Posted by By at 8 September, at 10 : 56 AM Print

Filmkritik: Freunde mit gewissen Vorzügen

von Ilija Glavas

Titel: Freunde mit gewissen Vorzügen ( USA 2011 )

Regie: Will Gluck

Besetzung: Mila Kunis, Justin Timberlake, Jenny Elfman, Patricia Clarkson, Richard Jenkins, Woody Harralson, Shaun White u.a.

Story:

Die junge New Yorker Headhunterin Jamie (MILA KUNIS) überredet den aufstrebenden Dylan (JUSTIN TIMBERLAKE), seinen Job in San Francisco zu kündigen und einen neuen im Big Apple anzutreten. Obwohl sich die beiden sofort voneinander angezogen fühlen, erkennen sie in sich all das, wovor sie in früheren Beziehungen immer geflüchtet sind, und entscheiden sich daher, nur gute Freunde zu werden.Freunde mit gewissen Vorzügen. Jamie und Dylan scheinen das perfekte Arrangement für sich gefunden zu haben – bis sie feststellen, dass an alles im Leben immer auch bestimmte Bedingungen geknüpft sind.

Filmkritik:

Großartig pointiertes Dialog – Feuerwek.

Moment, sagt sich hier der Kenner und der Neuling staunt. Das lief doch letztens schon im Kino? Was wie ein Remake von „Freundschaft Plus“ wirkt macht vieles besser, als die ähnlich angelegte Story mit Ashton Kutcher und Natalie Portman.

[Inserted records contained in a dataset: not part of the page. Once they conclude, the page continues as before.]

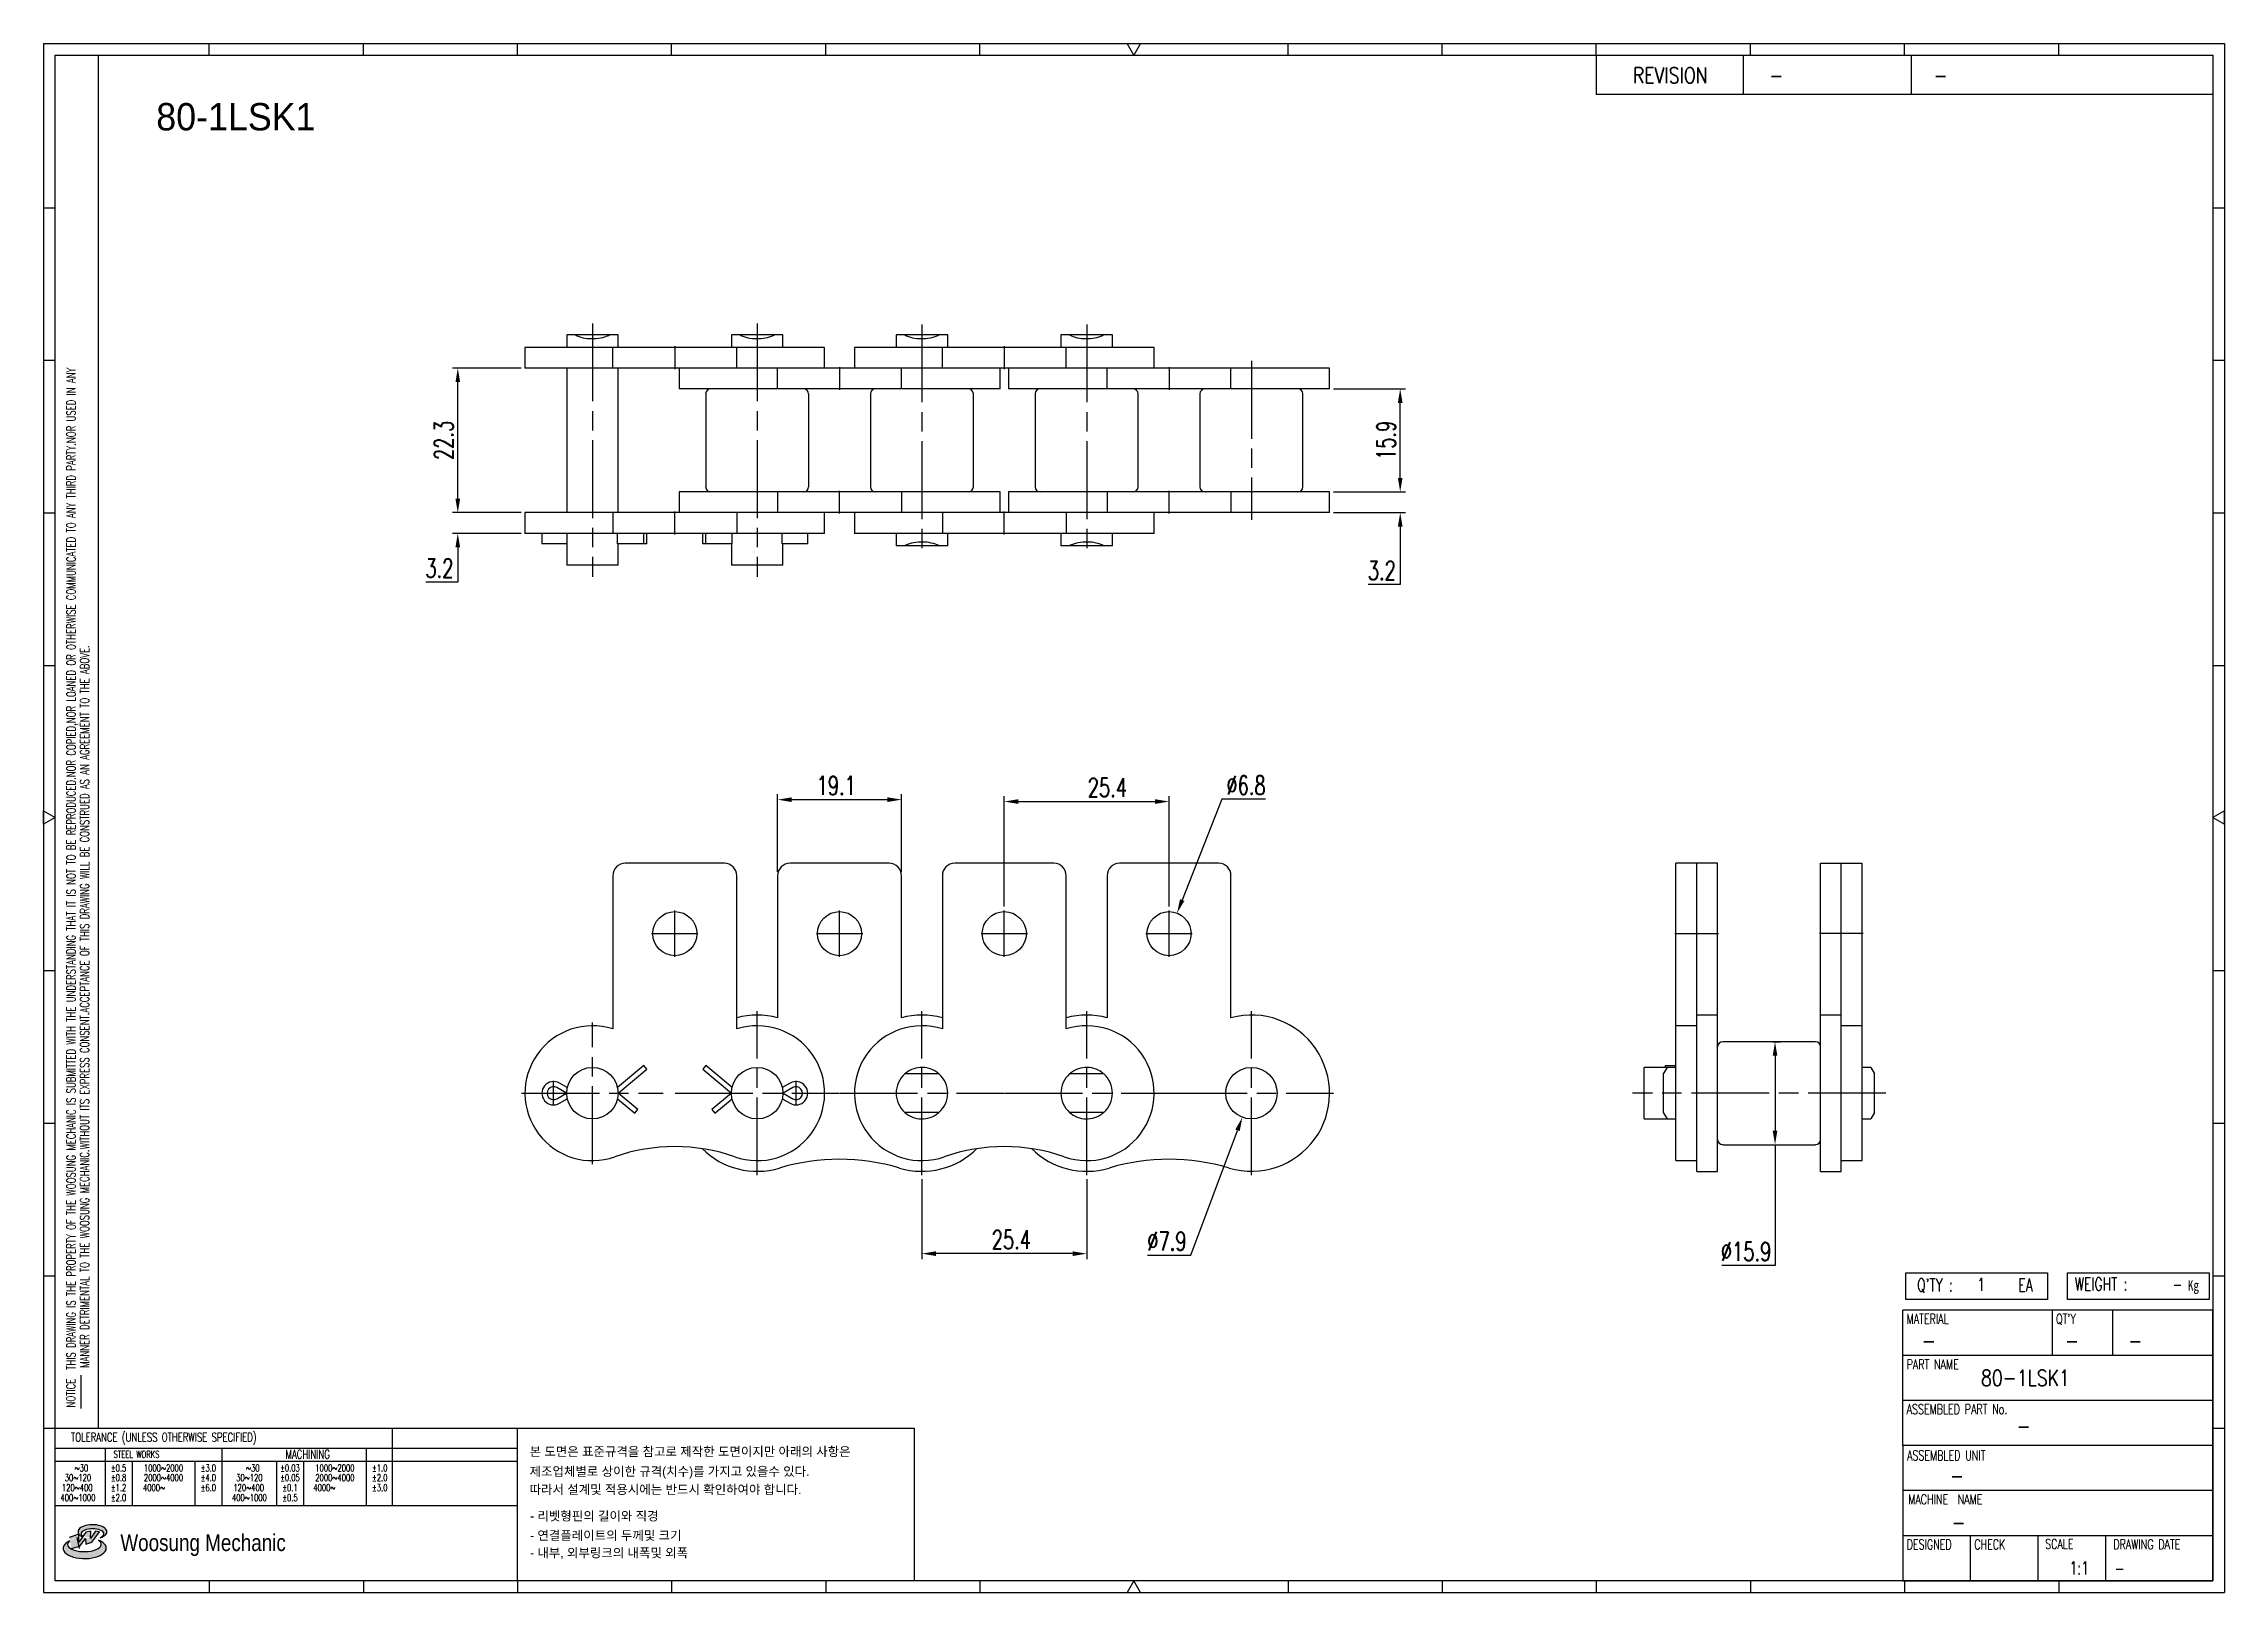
# Model space of a CAD drawing. Header units: millimetres. Extents: x 1209 to 1546, y 59 to 298.
import ezdxf
from ezdxf.enums import TextEntityAlignment as Align

# ---------------------------------------------------------------- set-up
doc = ezdxf.new("R2010")
doc.units = ezdxf.units.MM
doc.linetypes.add('AM_ISO08W050', pattern=[18, 12, -1.5, 3, -1.5])
doc.layers.get('Defpoints').update_dxf_attribs({"color": 80})
doc.layers.add('CL1', color=140, linetype='AM_ISO08W050', lineweight=25)
for name, color, linetype in [('S-DIM', 7, 'Continuous'), ('TITLE', 7, 'Continuous'), ('도면레이아웃', 7, 'Continuous')]:
    doc.layers.add(name, color=color, linetype=linetype)
doc.styles.add('HAN', font='ROMANS.shx', dxfattribs={"width": 0.7, "bigfont": 'whgtxt.shx'})
doc.styles.add('HKD_ST2', font='romans.shx', dxfattribs={"width": 0.7, "height": 4, "bigfont": '@extfont2.shx'})
doc.styles.add('HSG', font='SIMPLEX.shx', dxfattribs={"width": 0.7, "bigfont": 'HSG.shx'})
doc.styles.add('MtXpl_', font='Gulim.ttf')
doc.styles.add('SLDTEXTSTYLE4', font='arial.ttf', dxfattribs={"width": 0.8})
doc.dimstyles.new('AP1.2', dxfattribs={"dimscale": 1.2, "dimtxt": 2.4, "dimasz": 1.8, "dimexe": 0.7, "dimexo": 0.5, "dimgap": 0.6, "dimtad": 1, "dimtoh": 1, "dimdec": 1, "dimrnd": 0.01, "dimzin": 9, "dimdsep": 46, "dimtxsty": 'HSG', "dimcen": 0, "dimclrd": 251, "dimclre": 251, "dimclrt": 60, "dimazin": 2, "dimtp": 1, "dimtm": 1, "dimtfac": 0.5, "dimtdec": 1, "dimtofl": 0, "dimtmove": 0, "dimatfit": 3, "dimfxl": 0, "dimtvp": 1, "dimtolj": 2, "dimlwd": -1, "dimlwe": -1, "dimarcsym": 0})

# ---------------------------------------------------------------- blocks, each defined once
blk = doc.blocks.new('MAST')
at = {"layer": '도면레이아웃'}
h = blk.add_hatch(color=10, dxfattribs=at)
h.paths.add_polyline_path([(1.544, 35.177), (1.554, 34.966), (1.779, 35.034), (2.054, 35.422), (1.908, 35.446), (1.728, 35.167), (1.741, 35.439), (1.547, 35.405), (1.292, 35.041), (1.295, 35.33), (0.943, 35.208), (1.03, 34.8), (1.336, 34.885)])
edge = h.paths.add_edge_path()
edge.add_ellipse((1.795, 35.421), major_axis=(-0.53, 0), ratio=0.487785, start_angle=122.36065, end_angle=403.39574)
edge.add_line((1.411, 35.244), (1.419, 35.261))
edge.add_ellipse((1.798, 35.344), major_axis=(-0.423, 0), ratio=0.444396, start_angle=131.58977, end_angle=386.19408, ccw=False)
edge = h.paths.add_edge_path()
edge.add_ellipse((1.512, 34.815), major_axis=(-0.793, 0), ratio=0.480113, start_angle=314.67633, end_angle=590.85213)
edge.add_ellipse((1.501, 34.958), major_axis=(-0.62, 0), ratio=0.43311, start_angle=331.7024, end_angle=574.42495, ccw=False)
at = {"color": 140}
for p, q in [((0, 90.118), (80.15, 90.118)), ((0, 90.118), (0, 33.191)), ((80.15, 90.118), (80.15, 33.191)), ((57.068, 89.693), (57.068, 88.246)), ((62.47, 89.693), (62.47, 88.246)), ((68.635, 89.693), (68.635, 88.246)), ((79.725, 88.246), (57.068, 88.246)), ((68.449, 43.961), (68.449, 44.936)), ((68.449, 44.936), (73.654, 44.936)), ((73.654, 44.936), (73.654, 43.961)), ((74.39, 43.961), (74.39, 44.936)), ((74.39, 44.936), (79.595, 44.936)), ((79.595, 44.936), (79.595, 43.961)), ((68.336, 38.59), (68.336, 43.563)), ((79.725, 43.563), (68.336, 43.563)), ((73.654, 43.961), (68.449, 43.961)), ((73.827, 43.563), (73.827, 41.905)), ((79.595, 43.961), (74.39, 43.961)), ((76.037, 43.563), (76.037, 41.905)), ((79.725, 38.59), (79.725, 43.563)), ((79.725, 41.905), (68.336, 41.905)), ((79.725, 40.248), (68.336, 40.248)), ((68.336, 38.59), (68.336, 33.616)), ((79.725, 38.59), (68.336, 38.59)), ((79.725, 33.616), (79.725, 38.59)), ((79.725, 36.932), (68.336, 36.932)), ((79.725, 35.274), (68.336, 35.274)), ((70.822, 33.616), (70.822, 35.274)), ((73.309, 33.616), (73.309, 35.274)), ((75.796, 33.616), (75.796, 35.274)), ((0, 33.191), (80.15, 33.191)), ((68.336, 33.616), (79.725, 33.616))]:
    blk.add_line(p, q, dxfattribs=at)
for p, q in [((6.089, 89.693), (6.089, 90.118)), ((11.753, 89.693), (11.753, 90.118)), ((17.418, 89.693), (17.418, 90.118)), ((23.082, 89.693), (23.082, 90.118)), ((28.746, 89.693), (28.746, 90.118)), ((34.411, 89.693), (34.411, 90.118)), ((45.739, 89.693), (45.739, 90.118)), ((51.404, 89.693), (51.404, 90.118)), ((57.068, 89.693), (57.068, 90.118)), ((62.732, 89.693), (62.732, 90.118)), ((68.397, 89.693), (68.397, 90.118)), ((74.061, 89.693), (74.061, 90.118)), ((0, 84.085), (0.425, 84.085)), ((79.725, 84.085), (80.15, 84.085)), ((0, 78.478), (0.425, 78.478)), ((79.725, 78.478), (80.15, 78.478)), ((0, 72.87), (0.425, 72.87)), ((79.725, 72.87), (80.15, 72.87)), ((0, 67.262), (0.425, 67.262)), ((79.725, 67.262), (80.15, 67.262)), ((0, 56.047), (0.425, 56.047)), ((79.725, 56.047), (80.15, 56.047)), ((0, 50.439), (0.425, 50.439)), ((79.725, 50.439), (80.15, 50.439)), ((0, 44.832), (0.425, 44.832)), ((79.725, 44.832), (80.15, 44.832)), ((1.377, 39.947), (1.377, 41.174)), ((0, 39.224), (0.425, 39.224)), ((79.725, 39.224), (80.15, 39.224)), ((6.089, 33.616), (6.089, 33.191)), ((11.753, 33.616), (11.753, 33.191)), ((17.418, 33.616), (17.418, 33.191)), ((23.082, 33.616), (23.082, 33.191)), ((28.746, 33.616), (28.746, 33.191)), ((34.411, 33.616), (34.411, 33.191)), ((45.739, 33.616), (45.739, 33.191)), ((51.404, 33.616), (51.404, 33.191)), ((57.068, 33.616), (57.068, 33.191)), ((62.732, 33.616), (62.732, 33.191)), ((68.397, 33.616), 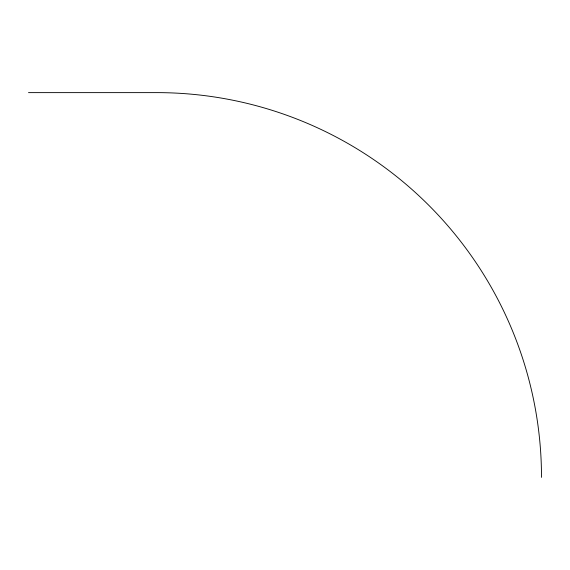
<?xml version="1.0" encoding="UTF-8"?>
<svg xmlns="http://www.w3.org/2000/svg" width="570" height="570" viewBox="0 0 570 570"><rect width="100%" height="100%" fill="white"/><g stroke="black" fill="none" stroke-linecap="round" stroke-linejoin="round"><path stroke-width="0.85" d="M28.5 92.625L156.75 92.625A384.75 384.75 0 0 1 541.5 477.375"/></g></svg>

Der Dank geht daher an die tolle Regie von Will Gluck, einem noch besser aufspielenden Hauptdarsteller-Duo und insbesondere dem sensationell pointierten Drehbuch, dessen Dialoge das schwächere letzte Drittel vergessen lassen. Der Schlussakt verheddert sich leider im Netz des Hollywood gängigen Klischees.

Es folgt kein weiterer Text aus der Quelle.